Plaque commémorative

Il y a 75 ans, le 13 septembre 1944, Nicolas Beaurieux de Roclenge-sur-Geer sauvait la Ville de Maestricht de la destruction. J’ai raconté longuement son exploit dans le livre que j’ai publié en 2016 sous le titre : « Septembre 1944 – Un résistant belge sauve la Ville de Maestricht de la destruction ».

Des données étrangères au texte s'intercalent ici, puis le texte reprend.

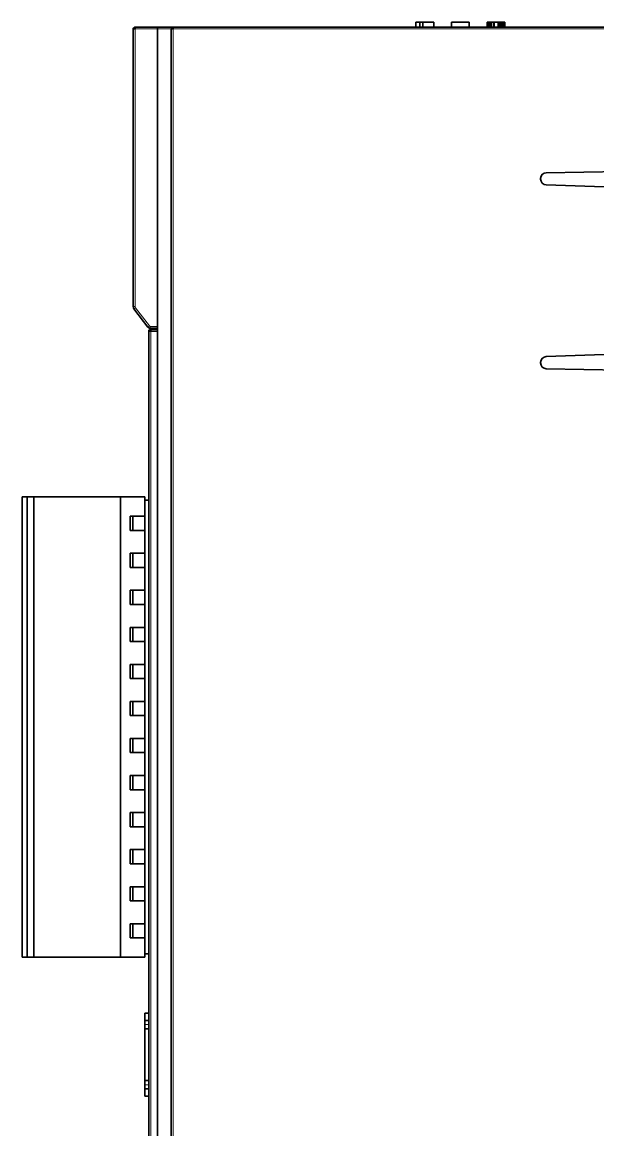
# Model space of a CAD drawing. Extents: x -45 to 645, y -160 to 467.
# Drawn here: x -45 to 14.1, y 124.1 to 237.8 of the extents above; entities that cross this region are included whole.
import ezdxf

# ---------------------------------------------------------------- set-up
doc = ezdxf.new("R2010")
doc.units = 0

msp = doc.modelspace()

# ---------------------------------------------------------------- linework, layer by layer
at = {"color": 7, "lineweight": 35, "ltscale": 0.0125}
for p, q in [((-4.631, 237.262), (-4.631, 237.762)), ((-4.214, 237.262), (-4.214, 237.762)), ((-3.912, 237.262), (-3.912, 237.762)), ((-2.79, 237.262), (-2.79, 237.762)), ((-0.959, 237.262), (-0.959, 237.762)), ((0.841, 237.262), (0.841, 237.762)), ((2.692, 237.262), (2.692, 237.762)), ((2.693, 237.262), (2.693, 237.762)), ((2.695, 237.262), (2.695, 237.762)), ((2.7, 237.262), (2.7, 237.762)), ((2.706, 237.262), (2.706, 237.762)), ((2.714, 237.262), (2.714, 237.762)), ((2.724, 237.262), (2.724, 237.762)), ((2.736, 237.262), (2.736, 237.762)), ((2.749, 237.262), (2.749, 237.762)), ((2.764, 237.262), (2.764, 237.762)), ((2.781, 237.262), (2.781, 237.762)), ((2.801, 237.262), (2.801, 237.762)), ((2.823, 237.262), (2.823, 237.762)), ((2.849, 237.262), (2.849, 237.762)), ((2.878, 237.262), (2.878, 237.762)), ((2.91, 237.262), (2.91, 237.762)), ((2.945, 237.262), (2.945, 237.762)), ((2.984, 237.262), (2.984, 237.762)), ((3.025, 237.262), (3.025, 237.762)), ((3.07, 237.262), (3.07, 237.762)), ((3.118, 237.262), (3.118, 237.762)), ((3.33, 237.262), (3.33, 237.762)), ((3.417, 237.262), (3.417, 237.762)), ((3.829, 237.262), (3.829, 237.762)), ((3.896, 237.262), (3.896, 237.762)), ((4.066, 237.262), (4.066, 237.762)), ((4.114, 237.262), (4.114, 237.762)), ((4.158, 237.262), (4.158, 237.762)), ((4.199, 237.262), (4.199, 237.762)), ((4.237, 237.262), (4.237, 237.762)), ((4.273, 237.262), (4.273, 237.762)), ((4.305, 237.262), (4.305, 237.762)), ((4.333, 237.262), (4.333, 237.762)), ((4.359, 237.262), (4.359, 237.762)), ((4.382, 237.262), (4.382, 237.762)), ((4.402, 237.262), (4.402, 237.762)), ((4.419, 237.262), (4.419, 237.762)), ((4.434, 237.262), (4.434, 237.762)), ((4.448, 237.262), (4.448, 237.762)), ((4.459, 237.262), (4.459, 237.762)), ((4.469, 237.262), (4.469, 237.762)), ((4.477, 237.262), (4.477, 237.762)), ((4.484, 237.262), (4.484, 237.762)), ((4.488, 237.262), (4.488, 237.762)), ((4.491, 237.262), (4.491, 237.762)), ((4.492, 237.262), (4.492, 237.762)), ((-44.54, 189.062), (-45.04, 189.062)), ((-44.54, 141.862), (-45.04, 141.862))]:
    msp.add_line(p, q, dxfattribs=at)
at = {"color": 7, "lineweight": 35, "ltscale": 0.01043}
msp.add_line((-4.214, 237.762), (-4.631, 237.762), dxfattribs=at)
at = {"color": 7, "lineweight": 35, "ltscale": 0.007536}
msp.add_line((-3.912, 237.762), (-4.214, 237.762), dxfattribs=at)
at = {"color": 7, "lineweight": 35, "ltscale": 0.028056}
msp.add_line((-2.79, 237.762), (-3.912, 237.762), dxfattribs=at)
at = {"color": 7, "lineweight": 35, "ltscale": 0.045}
msp.add_line((0.841, 237.762), (-0.959, 237.762), dxfattribs=at)
at = {"color": 7, "lineweight": 35, "ltscale": 6.7e-05}
msp.add_line((2.695, 237.762), (2.693, 237.762), dxfattribs=at)
at = {"color": 7, "lineweight": 35, "ltscale": 0.000112}
msp.add_line((2.7, 237.762), (2.695, 237.762), dxfattribs=at)
at = {"color": 7, "lineweight": 35, "ltscale": 0.000156}
msp.add_line((2.706, 237.762), (2.7, 237.762), dxfattribs=at)
at = {"color": 7, "lineweight": 35, "ltscale": 0.000201}
msp.add_line((2.714, 237.762), (2.706, 237.762), dxfattribs=at)
at = {"color": 7, "lineweight": 35, "ltscale": 0.000246}
msp.add_line((2.724, 237.762), (2.714, 237.762), dxfattribs=at)
at = {"color": 7, "lineweight": 35, "ltscale": 0.00029}
msp.add_line((2.736, 237.762), (2.724, 237.762), dxfattribs=at)
at = {"color": 7, "lineweight": 35, "ltscale": 0.000335}
msp.add_line((2.749, 237.762), (2.736, 237.762), dxfattribs=at)
at = {"color": 7, "lineweight": 35, "ltscale": 0.00038}
msp.add_line((2.764, 237.762), (2.749, 237.762), dxfattribs=at)
at = {"color": 7, "lineweight": 35, "ltscale": 0.000425}
msp.add_line((2.781, 237.762), (2.764, 237.762), dxfattribs=at)
at = {"color": 7, "lineweight": 35, "ltscale": 0.000486}
msp.add_line((2.801, 237.762), (2.781, 237.762), dxfattribs=at)
at = {"color": 7, "lineweight": 35, "ltscale": 0.000565}
msp.add_line((2.823, 237.762), (2.801, 237.762), dxfattribs=at)
at = {"color": 7, "lineweight": 35, "ltscale": 0.000644}
msp.add_line((2.849, 237.762), (2.823, 237.762), dxfattribs=at)
at = {"color": 7, "lineweight": 35, "ltscale": 0.000723}
for p, q in [((2.878, 237.762), (2.849, 237.762)), ((4.333, 237.762), (4.305, 237.762))]:
    msp.add_line(p, q, dxfattribs=at)
at = {"color": 7, "lineweight": 35, "ltscale": 0.000801}
msp.add_line((2.91, 237.762), (2.878, 237.762), dxfattribs=at)
at = {"color": 7, "lineweight": 35, "ltscale": 0.00088}
msp.add_line((2.945, 237.762), (2.91, 237.762), dxfattribs=at)
at = {"color": 7, "lineweight": 35, "ltscale": 0.000959}
msp.add_line((2.984, 237.762), (2.945, 237.762), dxfattribs=at)
at = {"color": 7, "lineweight": 35, "ltscale": 0.001038}
msp.add_line((3.025, 237.762), (2.984, 237.762), dxfattribs=at)
at = {"color": 7, "lineweight": 35, "ltscale": 0.001116}
msp.add_line((3.07, 237.762), (3.025, 237.762), dxfattribs=at)
at = {"color": 7, "lineweight": 35, "ltscale": 0.001195}
msp.add_line((3.118, 237.762), (3.07, 237.762), dxfattribs=at)
at = {"color": 7, "lineweight": 35, "ltscale": 0.005322}
msp.add_line((3.33, 237.762), (3.118, 237.762), dxfattribs=at)
at = {"color": 7, "lineweight": 35, "ltscale": 0.002171}
msp.add_line((3.417, 237.762), (3.33, 237.762), dxfattribs=at)
at = {"color": 7, "lineweight": 35, "ltscale": 0.010303}
msp.add_line((3.829, 237.762), (3.417, 237.762), dxfattribs=at)
at = {"color": 7, "lineweight": 35, "ltscale": 0.00166}
msp.add_line((3.896, 237.762), (3.829, 237.762), dxfattribs=at)
at = {"color": 7, "lineweight": 35, "ltscale": 0.004257}
msp.add_line((4.066, 237.762), (3.896, 237.762), dxfattribs=at)
at = {"color": 7, "lineweight": 35, "ltscale": 0.001187}
msp.add_line((4.114, 237.762), (4.066, 237.762), dxfattribs=at)
at = {"color": 7, "lineweight": 35, "ltscale": 0.00111}
msp.add_line((4.158, 237.762), (4.114, 237.762), dxfattribs=at)
at = {"color": 7, "lineweight": 35, "ltscale": 0.001032}
msp.add_line((4.199, 237.762), (4.158, 237.762), dxfattribs=at)
at = {"color": 7, "lineweight": 35, "ltscale": 0.000955}
msp.add_line((4.237, 237.762), (4.199, 237.762), dxfattribs=at)
at = {"color": 7, "lineweight": 35, "ltscale": 0.000878}
msp.add_line((4.273, 237.762), (4.237, 237.762), dxfattribs=at)
at = {"color": 7, "lineweight": 35, "ltscale": 0.0008}
msp.add_line((4.305, 237.762), (4.273, 237.762), dxfattribs=at)
at = {"color": 7, "lineweight": 35, "ltscale": 0.000645}
msp.add_line((4.359, 237.762), (4.333, 237.762), dxfattribs=at)
at = {"color": 7, "lineweight": 35, "ltscale": 0.000568}
msp.add_line((4.382, 237.762), (4.359, 237.762), dxfattribs=at)
at = {"color": 7, "lineweight": 35, "ltscale": 0.00049}
msp.add_line((4.402, 237.762), (4.382, 237.762), dxfattribs=at)
at = {"color": 7, "lineweight": 35, "ltscale": 0.000429}
msp.add_line((4.419, 237.762), (4.402, 237.762), dxfattribs=at)
at = {"color": 7, "lineweight": 35, "ltscale": 0.000384}
msp.add_line((4.434, 237.762), (4.419, 237.762), dxfattribs=at)
at = {"color": 7, "lineweight": 35, "ltscale": 0.000339}
msp.add_line((4.448, 237.762), (4.434, 237.762), dxfattribs=at)
at = {"color": 7, "lineweight": 35, "ltscale": 0.000293}
msp.add_line((4.459, 237.762), (4.448, 237.762), dxfattribs=at)
at = {"color": 7, "lineweight": 35, "ltscale": 0.000248}
msp.add_line((4.469, 237.762), (4.459, 237.762), dxfattribs=at)
at = {"color": 7, "lineweight": 35, "ltscale": 0.000203}
msp.add_line((4.477, 237.762), (4.469, 237.762), dxfattribs=at)
at = {"color": 7, "lineweight": 35, "ltscale": 0.000158}
msp.add_line((4.484, 237.762), (4.477, 237.762), dxfattribs=at)
at = {"color": 7, "lineweight": 35, "ltscale": 0.000113}
msp.add_line((4.488, 237.762), (4.484, 237.762), dxfattribs=at)
at = {"color": 7, "lineweight": 35, "ltscale": 6.8e-05}
msp.add_line((4.491, 237.762), (4.488, 237.762), dxfattribs=at)
at = {"color": 7, "lineweight": 35, "ltscale": 0.005}
for p, q in [((-33.44, 237.062), (-33.64, 237.062)), ((-33.44, 237.262), (-33.44, 237.062)), ((-31.14, 237.262), (-31.14, 237.062)), ((-29.54, 237.062), (-29.74, 237.062)), ((-29.54, 237.262), (-29.54, 237.062))]:
    msp.add_line(p, q, dxfattribs=at)
at = {"color": 7, "lineweight": 35}
for p, q in [((-33.64, 237.062), (-33.64, 208.597)), ((-31.14, 206.562), (-31.14, 237.062)), ((-31.14, 206.07), (-31.14, 237.062)), ((-29.74, 69.462), (-29.74, 237.062)), ((-29.54, 237.262), (16.967, 237.262)), ((-32.04, 69.462), (-32.04, 206.076)), ((-31.14, 69.462), (-31.14, 206.07)), ((-45.04, 189.062), (-45.04, 141.862)), ((-44.54, 189.062), (-44.54, 141.862)), ((-43.84, 189.062), (-43.84, 141.862)), ((-34.94, 189.062), (-34.94, 141.862)), ((-32.44, 188.722), (-32.44, 142.202))]:
    msp.add_line(p, q, dxfattribs=at)
at = {"color": 7, "lineweight": 35, "ltscale": 0.0575}
msp.add_line((-31.14, 237.262), (-33.44, 237.262), dxfattribs=at)
at = {"color": 7, "lineweight": 13, "ltscale": 0.0575}
msp.add_line((-31.14, 237.062), (-33.44, 237.062), dxfattribs=at)
at = {"color": 7, "lineweight": 13}
for p, q in [((-33.44, 237.062), (-33.44, 208.597)), ((-29.54, 237.062), (-29.54, 69.462)), ((-29.54, 237.062), (16.97, 237.062)), ((-31.84, 206.076), (-31.84, 69.462))]:
    msp.add_line(p, q, dxfattribs=at)
at = {"color": 7, "lineweight": 35, "ltscale": 0.04}
msp.add_line((-31.14, 237.262), (-29.54, 237.262), dxfattribs=at)
at = {"color": 7, "lineweight": 35, "ltscale": 0.004718}
msp.add_line((-31.14, 237.062), (-31.14, 237.251), dxfattribs=at)
at = {"color": 7, "lineweight": 13, "ltscale": 0.035}
msp.add_line((-31.14, 237.062), (-29.74, 237.062), dxfattribs=at)
at = {"color": 7, "lineweight": 35, "ltscale": 0.001162}
msp.add_line((8.173, 221.673), (8.173, 221.719), dxfattribs=at)
at = {"color": 7, "lineweight": 35, "ltscale": 0.192939}
for p, q in [((8.763, 222.319), (16.479, 222.454)), ((16.479, 202.071), (8.763, 202.206))]:
    msp.add_line(p, q, dxfattribs=at)
at = {"color": 7, "lineweight": 35, "ltscale": 0.275089}
for p, q in [((19.749, 220.689), (8.752, 221.073)), ((8.752, 203.453), (19.749, 203.837))]:
    msp.add_line(p, q, dxfattribs=at)
at = {"color": 7, "lineweight": 13, "ltscale": 0.005}
for p, q in [((-33.64, 208.597), (-33.44, 208.597)), ((-33.399, 208.476), (-33.558, 208.355)), ((-31.971, 206.602), (-32.13, 206.481)), ((-31.891, 206.562), (-31.891, 206.362))]:
    msp.add_line(p, q, dxfattribs=at)
at = {"color": 7, "lineweight": 35, "ltscale": 0.058912}
msp.add_line((-33.558, 208.355), (-32.13, 206.481), dxfattribs=at)
at = {"color": 7, "lineweight": 13, "ltscale": 0.058912}
msp.add_line((-33.399, 208.476), (-31.971, 206.602), dxfattribs=at)
at = {"color": 7, "lineweight": 35, "ltscale": 0.002145}
msp.add_line((-32.04, 206.076), (-31.954, 206.076), dxfattribs=at)
at = {"color": 7, "lineweight": 35, "ltscale": 0.000572}
msp.add_line((-32.039, 206.076), (-32.038, 206.099), dxfattribs=at)
at = {"color": 7, "lineweight": 35, "ltscale": 0.00101}
msp.add_line((-31.984, 206.212), (-31.953, 206.239), dxfattribs=at)
at = {"color": 7, "lineweight": 35, "ltscale": 0.002855}
msp.add_line((-31.954, 206.076), (-31.84, 206.076), dxfattribs=at)
at = {"color": 7, "lineweight": 13, "ltscale": 0.018785}
msp.add_line((-31.14, 206.562), (-31.891, 206.562), dxfattribs=at)
at = {"color": 7, "lineweight": 35, "ltscale": 0.018785}
msp.add_line((-31.14, 206.362), (-31.891, 206.362), dxfattribs=at)
at = {"color": 7, "lineweight": 35, "ltscale": 0.004994}
msp.add_line((-31.838, 206.276), (-31.84, 206.076), dxfattribs=at)
at = {"color": 7, "lineweight": 35, "ltscale": 0.017501}
msp.add_line((-31.84, 206.076), (-31.14, 206.07), dxfattribs=at)
at = {"color": 7, "lineweight": 35, "ltscale": 0.017457}
msp.add_line((-31.838, 206.276), (-31.14, 206.27), dxfattribs=at)
at = {"color": 7, "lineweight": 35, "ltscale": 0.001189}
msp.add_line((8.173, 202.806), (8.173, 202.853), dxfattribs=at)
at = {"color": 7, "lineweight": 35, "ltscale": 0.0175}
for p, q in [((-43.84, 189.062), (-44.54, 189.062)), ((-43.84, 141.862), (-44.54, 141.862))]:
    msp.add_line(p, q, dxfattribs=at)
at = {"color": 7, "lineweight": 35, "ltscale": 0.2225}
for p, q in [((-34.94, 189.062), (-43.84, 189.062)), ((-34.94, 141.862), (-43.84, 141.862))]:
    msp.add_line(p, q, dxfattribs=at)
at = {"color": 7, "lineweight": 35, "ltscale": 0.0625}
for p, q in [((-32.44, 189.062), (-34.94, 189.062)), ((-32.44, 141.862), (-34.94, 141.862))]:
    msp.add_line(p, q, dxfattribs=at)
at = {"color": 7, "lineweight": 35, "ltscale": 0.049375}
for p, q in [((-32.44, 189.062), (-32.44, 187.087)), ((-32.44, 143.837), (-32.44, 141.862))]:
    msp.add_line(p, q, dxfattribs=at)
at = {"color": 7, "lineweight": 35, "ltscale": 0.01}
for p, q in [((-32.04, 188.722), (-32.44, 188.722)), ((-32.04, 142.202), (-32.44, 142.202)), ((-32.04, 136.112), (-32.44, 136.112)), ((-32.44, 134.962), (-32.44, 135.362)), ((-32.04, 135.362), (-32.44, 135.362)), ((-32.04, 134.512), (-32.44, 134.512)), ((-32.04, 129.212), (-32.44, 129.212)), ((-32.44, 128.362), (-32.44, 128.762)), ((-32.04, 128.362), (-32.44, 128.362)), ((-32.04, 127.612), (-32.44, 127.612))]:
    msp.add_line(p, q, dxfattribs=at)
at = {"color": 7, "lineweight": 35, "ltscale": 0.03625}
for p, q in [((-33.94, 185.637), (-33.94, 187.087)), ((-33.69, 187.087), (-33.69, 185.637)), ((-32.44, 187.087), (-32.44, 185.637)), ((-33.94, 181.837), (-33.94, 183.287)), ((-33.69, 183.287), (-33.69, 181.837)), ((-32.44, 183.287), (-32.44, 181.837)), ((-33.94, 178.037), (-33.94, 179.487)), ((-33.69, 179.487), (-33.69, 178.037)), ((-32.44, 179.487), (-32.44, 178.037)), ((-33.94, 174.237), (-33.94, 175.687)), ((-33.69, 175.687), (-33.69, 174.237)), ((-32.44, 175.687), (-32.44, 174.237)), ((-33.94, 170.437), (-33.94, 171.887)), ((-33.69, 171.887), (-33.69, 170.437)), ((-32.44, 171.887), (-32.44, 170.437)), ((-33.94, 166.637), (-33.94, 168.087)), ((-33.69, 168.087), (-33.69, 166.637)), ((-32.44, 168.087), (-32.44, 166.637)), ((-33.94, 162.837), (-33.94, 164.287)), ((-33.69, 164.287), (-33.69, 162.837)), ((-32.44, 164.287), (-32.44, 162.837)), ((-33.94, 159.037), (-33.94, 160.487)), ((-33.69, 160.487), (-33.69, 159.037)), ((-32.44, 160.487), (-32.44, 159.037)), ((-33.94, 155.237), (-33.94, 156.687)), ((-33.69, 156.687), (-33.69, 155.237)), ((-32.44, 156.687), (-32.44, 155.237)), ((-33.94, 151.437), (-33.94, 152.887)), ((-33.69, 152.887), (-33.69, 151.437)), ((-32.44, 152.887), (-32.44, 151.437)), ((-33.94, 147.637), (-33.94, 149.087)), ((-33.69, 149.087), (-33.69, 147.637)), ((-32.44, 149.087), (-32.44, 147.637)), ((-33.94, 143.837), (-33.94, 145.287)), ((-33.69, 145.287), (-33.69, 143.837)), ((-32.44, 145.287), (-32.44, 143.837))]:
    msp.add_line(p, q, dxfattribs=at)
at = {"color": 7, "lineweight": 35, "ltscale": 0.0375}
for p, q in [((-33.94, 187.087), (-32.44, 187.087)), ((-32.44, 185.637), (-33.94, 185.637)), ((-33.94, 183.287), (-32.44, 183.287)), ((-32.44, 181.837), (-33.94, 181.837)), ((-33.94, 179.487), (-32.44, 179.487)), ((-32.44, 178.037), (-33.94, 178.037)), ((-33.94, 175.687), (-32.44, 175.687)), ((-32.44, 174.237), (-33.94, 174.237)), ((-33.94, 171.887), (-32.44, 171.887)), ((-32.44, 170.437), (-33.94, 170.437)), ((-33.94, 168.087), (-32.44, 168.087)), ((-32.44, 166.637), (-33.94, 166.637)), ((-33.94, 164.287), (-32.44, 164.287)), ((-32.44, 162.837), (-33.94, 162.837)), ((-33.94, 160.487), (-32.44, 160.487)), ((-32.44, 159.037), (-33.94, 159.037)), ((-33.94, 156.687), (-32.44, 156.687)), ((-32.44, 155.237), (-33.94, 155.237)), ((-33.94, 152.887), (-32.44, 152.887)), ((-32.44, 151.437), (-33.94, 151.437)), ((-33.94, 149.087), (-32.44, 149.087)), ((-32.44, 147.637), (-33.94, 147.637)), ((-33.94, 145.287), (-32.44, 145.287)), ((-32.44, 143.837), (-33.94, 143.837))]:
    msp.add_line(p, q, dxfattribs=at)
at = {"color": 7, "lineweight": 35, "ltscale": 0.05875}
for p, q in [((-32.44, 185.637), (-32.44, 183.287)), ((-32.44, 181.837), (-32.44, 179.487)), ((-32.44, 178.037), (-32.44, 175.687)), ((-32.44, 174.237), (-32.44, 171.887)), ((-32.44, 170.437), (-32.44, 168.087)), ((-32.44, 166.637), (-32.44, 164.287)), ((-32.44, 162.837), (-32.44, 160.487)), ((-32.44, 159.037), (-32.44, 156.687)), ((-32.44, 155.237), (-32.44, 152.887)), ((-32.44, 151.437), (-32.44, 149.087)), ((-32.44, 147.637), (-32.44, 145.287))]:
    msp.add_line(p, q, dxfattribs=at)
at = {"color": 7, "lineweight": 35, "ltscale": 0.01875}
for p, q in [((-32.44, 135.362), (-32.44, 136.112)), ((-32.44, 127.612), (-32.44, 128.362))]:
    msp.add_line(p, q, dxfattribs=at)
at = {"color": 7, "lineweight": 35, "ltscale": 0.01125}
for p, q in [((-32.44, 134.512), (-32.44, 134.962)), ((-32.44, 128.762), (-32.44, 129.212))]:
    msp.add_line(p, q, dxfattribs=at)
at = {"color": 7, "lineweight": 13, "ltscale": 0.01}
for p, q in [((-32.04, 134.962), (-32.44, 134.962)), ((-32.04, 128.762), (-32.44, 128.762))]:
    msp.add_line(p, q, dxfattribs=at)
at = {"color": 7, "lineweight": 35, "ltscale": 0.1325}
msp.add_line((-32.44, 129.212), (-32.44, 134.512), dxfattribs=at)
at = {"color": 7, "lineweight": 35}
for centre, radius, start, end in [((-33.44, 237.062), 0.2, 139.89818, 180), ((-33.42, 237.034), 0.233, 113.37115, 137.54565), ((-33.44, 237.062), 0.2, 90, 111.59816), ((-29.54, 237.062), 0.2, 90, 180), ((8.773, 221.719), 0.6, 90.99985, 180), ((8.773, 221.673), 0.6, 180, 268), ((-33.239, 208.598), 0.401, 180.02465, 217.27917), ((-31.891, 206.662), 0.3, 217.30395, 270), ((-31.839, 206.074), 0.201, 136.32997, 172.70715), ((-31.838, 206.079), 0.197, 89.88232, 125.819), ((8.773, 202.853), 0.6, 92, 180), ((8.773, 202.806), 0.6, 180, 269.00015)]:
    msp.add_arc(centre, radius, start, end, dxfattribs=at)
at = {"color": 7, "lineweight": 13}
for centre, radius, start, end in [((-33.239, 208.598), 0.201, 180.0748, 217.21704), ((-31.891, 206.663), 0.1, 217.41256, 269.87732)]:
    msp.add_arc(centre, radius, start, end, dxfattribs=at)
msp.add_ellipse((-31.44, 205.79), major_axis=(0.524, -0.439), ratio=0.300144, start_param=3.0724036, end_param=3.707044, dxfattribs=at)

doc.saveas('drawing.dxf')

En voici brièvement les faits.

Le 12 septembre 1944 à 14h30, des officiers américains se présentent au domicile de Nicolas. Ils sont à la recherche d’un volontaire pour porter un message de la plus haute importance au bourgmestre de Maestricht. Nicolas Beaurieux accepte d’accomplir cette dangereuse mission. Après bien des péripéties, il arrive en première ligne à l’écluse de Lanaye. Un gradé américain tente alors de convaincre Nicolas de renoncer à sa mission. Mais Nicolas s’obstine. Dans la nuit, il rampe au milieu des Allemands après avoir dû poignarder un guetteur ennemi. Un moment pris de panique, il adresse au ciel une ultime prière et se souvient alors qu’il a en poche un brassard allemand. Il le passe au bras, rampe encore, puis se lève et marche résolument vers la ville après avoir traversé, sur une passerelle, le canal Liège-Maestricht. Un batelier lui communique alors fort heureusement l’adresse du bourgmestre f. f. Après avoir franchi audacieusement un poste allemand, il se présente Lenculenstraat chez E. Kersten et lui tend le message. Celui-ci est particulièrement menaçant pour la ville. Le Général américain HOBBS demande au bourgmestre de prendre contact avec les Allemands pour qu’ils évacuent la ville pour 7 heures au plus tard, sans quoi celle-ci sera détruite par l’aviation alliée et l’artillerie américaine. Il reste moins de 3 heures avant l’expiration du délai… Tandis que Nicolas reprend la route de Lanaye sous un feu nourri de l’ennemi. E. KERSTEN convoque chez lui un comité de crise. Ni l’ancien bourgmestre, ni les anciens échevins ne se portent volontaires… Entre-temps, Nicolas a rejoint miraculeusement les Américains à l’écluse de Lanaye. Mis au courant par radio, le Général Hobbs accorde un sursis à la ville, sursis que va mettre à profit E. Kersten pour prévenir ses concitoyens du grave danger qui les menace, il fait sonner toutes les cloches de la ville et mugir toutes les sirènes. S’imaginant que la ville entière se soulève, comme Paris s’est soulevée 3 semaines plus tôt, les Allemands fuient dans le plus grand désordre. Maestricht est sauvée.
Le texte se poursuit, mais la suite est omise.